> [What you will do]: Return only that part of the material below which starts with the line containing "(xy 115.57 29.845))" and goes on through the line containing "70.485 116.205 0)", restated exactly.

Raw data: Begin

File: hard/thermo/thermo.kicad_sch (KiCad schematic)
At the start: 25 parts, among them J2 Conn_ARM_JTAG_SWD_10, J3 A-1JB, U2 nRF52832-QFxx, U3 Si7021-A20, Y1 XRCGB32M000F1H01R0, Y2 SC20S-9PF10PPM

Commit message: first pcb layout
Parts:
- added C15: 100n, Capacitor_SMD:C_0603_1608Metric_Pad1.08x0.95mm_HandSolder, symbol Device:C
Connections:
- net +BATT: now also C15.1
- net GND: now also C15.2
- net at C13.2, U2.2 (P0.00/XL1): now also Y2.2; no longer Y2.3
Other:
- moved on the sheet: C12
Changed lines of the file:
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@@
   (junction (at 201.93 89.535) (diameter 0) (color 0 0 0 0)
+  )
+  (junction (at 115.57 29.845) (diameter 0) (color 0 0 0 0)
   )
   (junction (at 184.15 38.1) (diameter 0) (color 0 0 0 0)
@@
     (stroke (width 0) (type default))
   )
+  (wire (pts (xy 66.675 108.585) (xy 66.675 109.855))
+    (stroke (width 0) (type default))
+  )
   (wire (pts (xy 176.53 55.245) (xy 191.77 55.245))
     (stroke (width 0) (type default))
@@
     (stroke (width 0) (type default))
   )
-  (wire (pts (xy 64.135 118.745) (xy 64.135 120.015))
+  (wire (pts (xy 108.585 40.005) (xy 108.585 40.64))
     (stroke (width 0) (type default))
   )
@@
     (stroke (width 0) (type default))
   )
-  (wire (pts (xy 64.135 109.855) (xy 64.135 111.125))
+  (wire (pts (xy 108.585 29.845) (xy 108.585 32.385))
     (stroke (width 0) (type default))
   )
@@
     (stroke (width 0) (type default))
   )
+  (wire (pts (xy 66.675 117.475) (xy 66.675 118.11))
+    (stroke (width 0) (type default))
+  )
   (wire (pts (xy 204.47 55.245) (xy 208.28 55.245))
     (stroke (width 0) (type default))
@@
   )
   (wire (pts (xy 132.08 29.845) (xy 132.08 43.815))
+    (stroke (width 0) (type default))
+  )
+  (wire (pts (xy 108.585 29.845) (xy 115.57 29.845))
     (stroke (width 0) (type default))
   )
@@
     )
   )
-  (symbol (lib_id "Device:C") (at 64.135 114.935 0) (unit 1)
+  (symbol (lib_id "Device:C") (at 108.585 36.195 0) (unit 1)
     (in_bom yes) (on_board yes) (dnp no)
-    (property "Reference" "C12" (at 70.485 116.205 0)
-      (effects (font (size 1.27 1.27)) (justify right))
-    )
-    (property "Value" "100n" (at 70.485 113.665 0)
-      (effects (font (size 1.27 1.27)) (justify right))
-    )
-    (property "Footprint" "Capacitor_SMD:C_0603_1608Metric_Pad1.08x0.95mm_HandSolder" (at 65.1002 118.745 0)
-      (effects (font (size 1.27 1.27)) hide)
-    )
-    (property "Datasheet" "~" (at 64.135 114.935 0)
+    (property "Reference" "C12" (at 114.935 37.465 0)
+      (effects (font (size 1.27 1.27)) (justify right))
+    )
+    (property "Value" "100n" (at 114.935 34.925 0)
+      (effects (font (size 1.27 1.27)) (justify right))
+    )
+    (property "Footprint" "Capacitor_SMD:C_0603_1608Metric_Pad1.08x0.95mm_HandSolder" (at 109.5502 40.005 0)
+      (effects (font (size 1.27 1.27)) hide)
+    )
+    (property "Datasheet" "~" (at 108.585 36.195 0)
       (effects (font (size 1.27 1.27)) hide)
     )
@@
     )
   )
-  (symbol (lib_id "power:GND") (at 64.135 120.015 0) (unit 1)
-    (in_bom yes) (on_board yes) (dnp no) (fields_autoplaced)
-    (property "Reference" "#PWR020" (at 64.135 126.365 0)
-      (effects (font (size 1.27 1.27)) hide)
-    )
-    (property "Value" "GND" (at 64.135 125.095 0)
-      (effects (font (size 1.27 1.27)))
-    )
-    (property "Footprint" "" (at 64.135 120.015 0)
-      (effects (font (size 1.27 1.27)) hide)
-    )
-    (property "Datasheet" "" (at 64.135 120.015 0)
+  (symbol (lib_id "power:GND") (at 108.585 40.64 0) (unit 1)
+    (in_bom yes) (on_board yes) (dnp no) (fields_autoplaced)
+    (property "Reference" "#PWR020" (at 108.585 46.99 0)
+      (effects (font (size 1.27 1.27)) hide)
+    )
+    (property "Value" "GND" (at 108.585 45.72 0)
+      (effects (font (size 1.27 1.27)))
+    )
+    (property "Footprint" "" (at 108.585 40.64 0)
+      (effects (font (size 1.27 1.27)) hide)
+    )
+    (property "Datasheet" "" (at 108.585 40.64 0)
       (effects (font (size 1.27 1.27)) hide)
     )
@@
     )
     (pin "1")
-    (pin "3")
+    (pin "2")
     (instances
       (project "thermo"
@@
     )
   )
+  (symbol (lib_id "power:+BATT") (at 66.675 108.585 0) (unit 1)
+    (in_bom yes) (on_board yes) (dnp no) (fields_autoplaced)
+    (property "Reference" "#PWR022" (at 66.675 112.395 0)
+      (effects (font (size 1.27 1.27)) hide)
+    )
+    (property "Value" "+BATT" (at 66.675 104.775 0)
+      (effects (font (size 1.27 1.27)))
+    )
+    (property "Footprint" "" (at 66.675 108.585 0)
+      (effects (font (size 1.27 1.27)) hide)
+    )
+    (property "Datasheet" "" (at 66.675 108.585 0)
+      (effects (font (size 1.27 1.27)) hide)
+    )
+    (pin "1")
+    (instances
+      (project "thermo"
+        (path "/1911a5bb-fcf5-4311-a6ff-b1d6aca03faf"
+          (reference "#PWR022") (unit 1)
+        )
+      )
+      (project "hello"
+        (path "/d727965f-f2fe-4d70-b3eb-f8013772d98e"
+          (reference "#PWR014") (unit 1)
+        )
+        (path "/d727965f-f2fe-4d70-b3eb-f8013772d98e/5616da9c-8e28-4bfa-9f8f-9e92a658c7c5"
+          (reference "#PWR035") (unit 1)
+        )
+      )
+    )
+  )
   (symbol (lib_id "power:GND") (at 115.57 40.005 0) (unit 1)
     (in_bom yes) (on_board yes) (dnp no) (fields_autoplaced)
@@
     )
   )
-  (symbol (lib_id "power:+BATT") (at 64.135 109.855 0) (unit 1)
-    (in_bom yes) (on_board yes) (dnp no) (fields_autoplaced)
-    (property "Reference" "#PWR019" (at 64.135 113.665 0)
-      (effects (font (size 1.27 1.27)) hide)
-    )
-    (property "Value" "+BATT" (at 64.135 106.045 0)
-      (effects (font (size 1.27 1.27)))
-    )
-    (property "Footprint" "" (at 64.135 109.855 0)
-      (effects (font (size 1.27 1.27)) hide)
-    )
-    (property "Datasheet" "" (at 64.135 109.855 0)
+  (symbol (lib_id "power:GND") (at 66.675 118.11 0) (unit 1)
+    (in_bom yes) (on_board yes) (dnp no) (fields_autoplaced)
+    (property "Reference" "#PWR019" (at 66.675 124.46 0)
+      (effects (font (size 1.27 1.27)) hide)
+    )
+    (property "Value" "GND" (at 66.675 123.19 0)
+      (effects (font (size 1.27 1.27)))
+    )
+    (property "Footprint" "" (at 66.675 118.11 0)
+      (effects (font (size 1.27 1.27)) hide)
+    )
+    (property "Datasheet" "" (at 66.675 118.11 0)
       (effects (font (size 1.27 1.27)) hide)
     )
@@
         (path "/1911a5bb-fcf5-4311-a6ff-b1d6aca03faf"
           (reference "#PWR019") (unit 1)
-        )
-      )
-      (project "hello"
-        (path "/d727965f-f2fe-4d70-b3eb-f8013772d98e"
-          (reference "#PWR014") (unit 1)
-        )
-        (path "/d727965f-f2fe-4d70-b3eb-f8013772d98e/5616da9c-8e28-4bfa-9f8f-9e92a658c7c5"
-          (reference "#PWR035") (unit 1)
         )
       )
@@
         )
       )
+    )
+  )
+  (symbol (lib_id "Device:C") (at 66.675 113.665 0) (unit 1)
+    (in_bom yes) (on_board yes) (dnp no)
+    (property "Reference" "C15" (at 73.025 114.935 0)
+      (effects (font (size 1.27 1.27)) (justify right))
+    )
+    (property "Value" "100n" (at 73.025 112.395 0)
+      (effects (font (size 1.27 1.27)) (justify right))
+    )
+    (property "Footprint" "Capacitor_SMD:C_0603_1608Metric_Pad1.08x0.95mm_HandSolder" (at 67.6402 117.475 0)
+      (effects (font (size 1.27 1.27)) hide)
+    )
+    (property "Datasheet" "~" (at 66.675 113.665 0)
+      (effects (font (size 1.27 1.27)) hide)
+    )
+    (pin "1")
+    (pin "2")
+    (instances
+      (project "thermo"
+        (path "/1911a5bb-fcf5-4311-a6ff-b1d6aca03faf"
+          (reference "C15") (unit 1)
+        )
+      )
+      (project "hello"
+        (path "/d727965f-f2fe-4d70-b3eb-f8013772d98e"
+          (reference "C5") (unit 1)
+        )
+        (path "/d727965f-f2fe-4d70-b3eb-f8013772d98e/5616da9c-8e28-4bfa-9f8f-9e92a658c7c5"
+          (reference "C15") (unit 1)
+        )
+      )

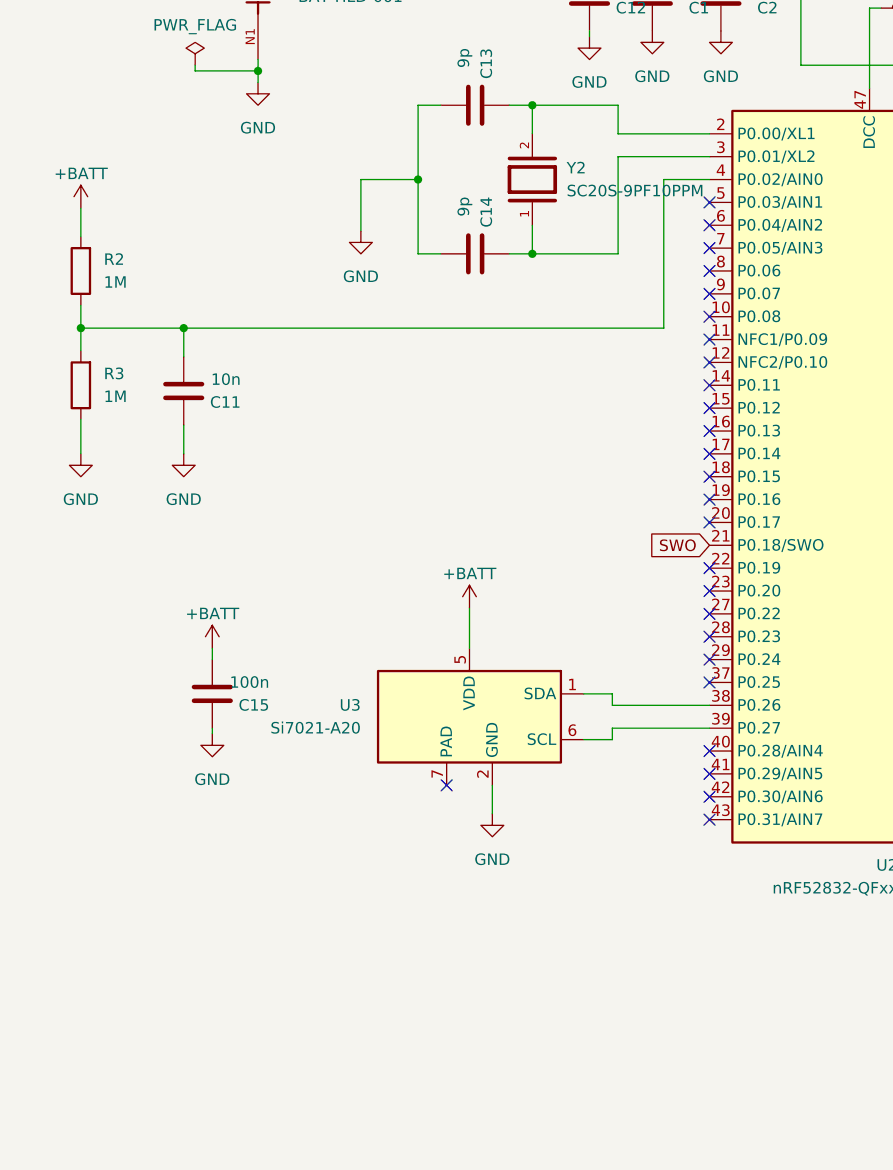
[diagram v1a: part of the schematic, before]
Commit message: - don't bother with >3.6V batt input - final layout
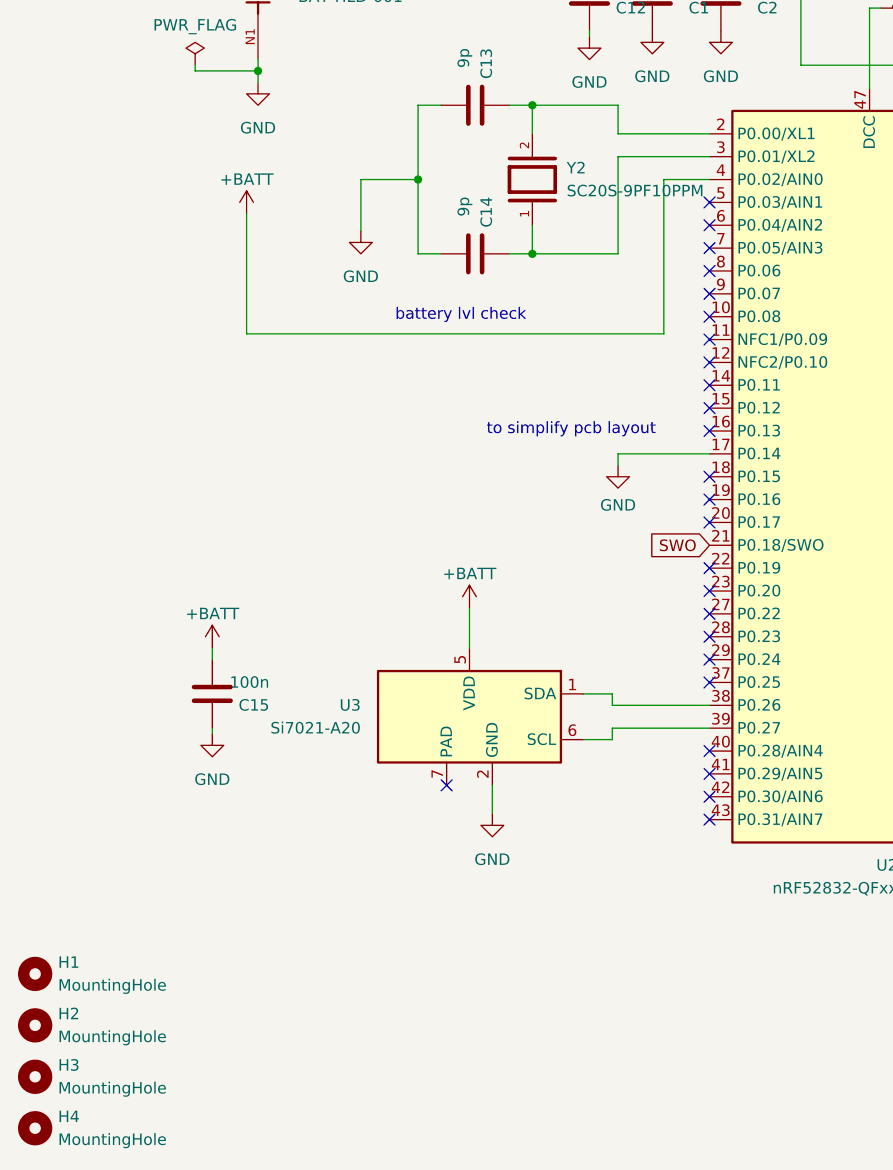
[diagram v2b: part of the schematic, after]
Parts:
- removed C11: 10n, Capacitor_SMD:C_0603_1608Metric_Pad1.08x0.95mm_HandSolder, symbol Device:C
- removed R2, R3: 1M, Resistor_SMD:R_1206_3216Metric, symbol Device:R
- added H1, H2, H3, H4: MountingHole, MountingHole:MountingHole_2.2mm_M2, symbol Mechanical:MountingHole
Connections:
- net +BATT: now also U2.4 (P0.02/AIN0)
- net GND: now also U2.17 (P0.14)
- no-connect marks 27 -> 26
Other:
- note added: "battery lvl check"
- note added: "to simplify pcb layout"

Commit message: silk screen touch-ups
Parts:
- J2: value Conn_ARM_JTAG_SWD_10 -> SWD
- J3: value A-1JB -> ANT U.FL
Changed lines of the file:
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@@
       (effects (font (size 1.27 1.27)) (justify right))
     )
-    (property "Value" "Conn_ARM_JTAG_SWD_10" (at 224.79 135.89 0)
+    (property "Value" "SWD" (at 224.79 135.89 0)
       (effects (font (size 1.27 1.27)) (justify right))
     )
@@
       (effects (font (size 1.27 1.27)))
     )
-    (property "Value" "A-1JB" (at 219.71 48.895 0)
+    (property "Value" "ANT U.FL" (at 219.71 48.895 0)
       (effects (font (size 1.27 1.27)))
     )
@@
       (effects (font (size 1.27 1.27)) (justify bottom) hide)
     )
-    (property "Description" "\nU.FL (UMCC), AMC Connector Jack, Male Pin 50Ohm Surface Mount Solder\n" (at 219.71 55.245 0)
-      (effects (font (size 1.27 1.27)) (justify bottom) hide)
-    )
+    (property "Description" " U.FL (UMCC), AMC Connector Jack, Male Pin 50Ohm Surface Mount Solder " (at 219.71 55.245 0)
+      (effects (font (size 1.27 1.27)) (justify bottom) hide)
+    )

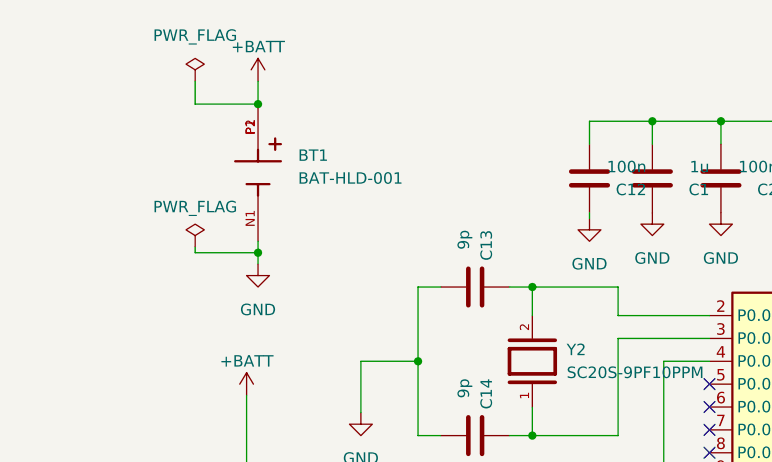
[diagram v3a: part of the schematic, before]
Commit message: - adding 3D models for nRF chip and Battery holder - stop tracking fp-info-cache file
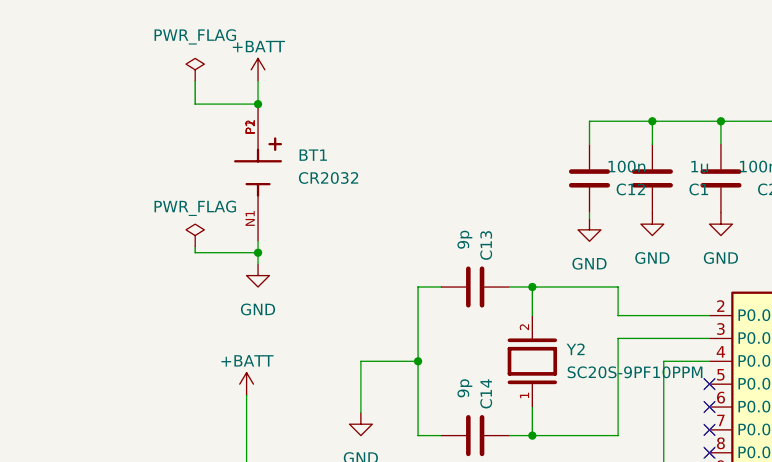
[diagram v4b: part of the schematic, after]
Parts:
- BT1: value BAT-HLD-001 -> CR2032
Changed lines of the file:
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@@
       (effects (font (size 1.27 1.27)) (justify left))
     )
-    (property "Value" "BAT-HLD-001" (at 76.2 36.195 90)
+    (property "Value" "CR2032" (at 76.2 36.195 90)
       (effects (font (size 1.27 1.27)) (justify left))
     )

Raw data: End

> [Task solution]:
+  (wire (pts (xy 108.585 29.845) (xy 115.57 29.845))
     (stroke (width 0) (type default))
   )
@@
     )
   )
-  (symbol (lib_id "Device:C") (at 64.135 114.935 0) (unit 1)
+  (symbol (lib_id "Device:C") (at 108.585 36.195 0) (unit 1)
     (in_bom yes) (on_board yes) (dnp no)
-    (property "Reference" "C12" (at 70.485 116.205 0)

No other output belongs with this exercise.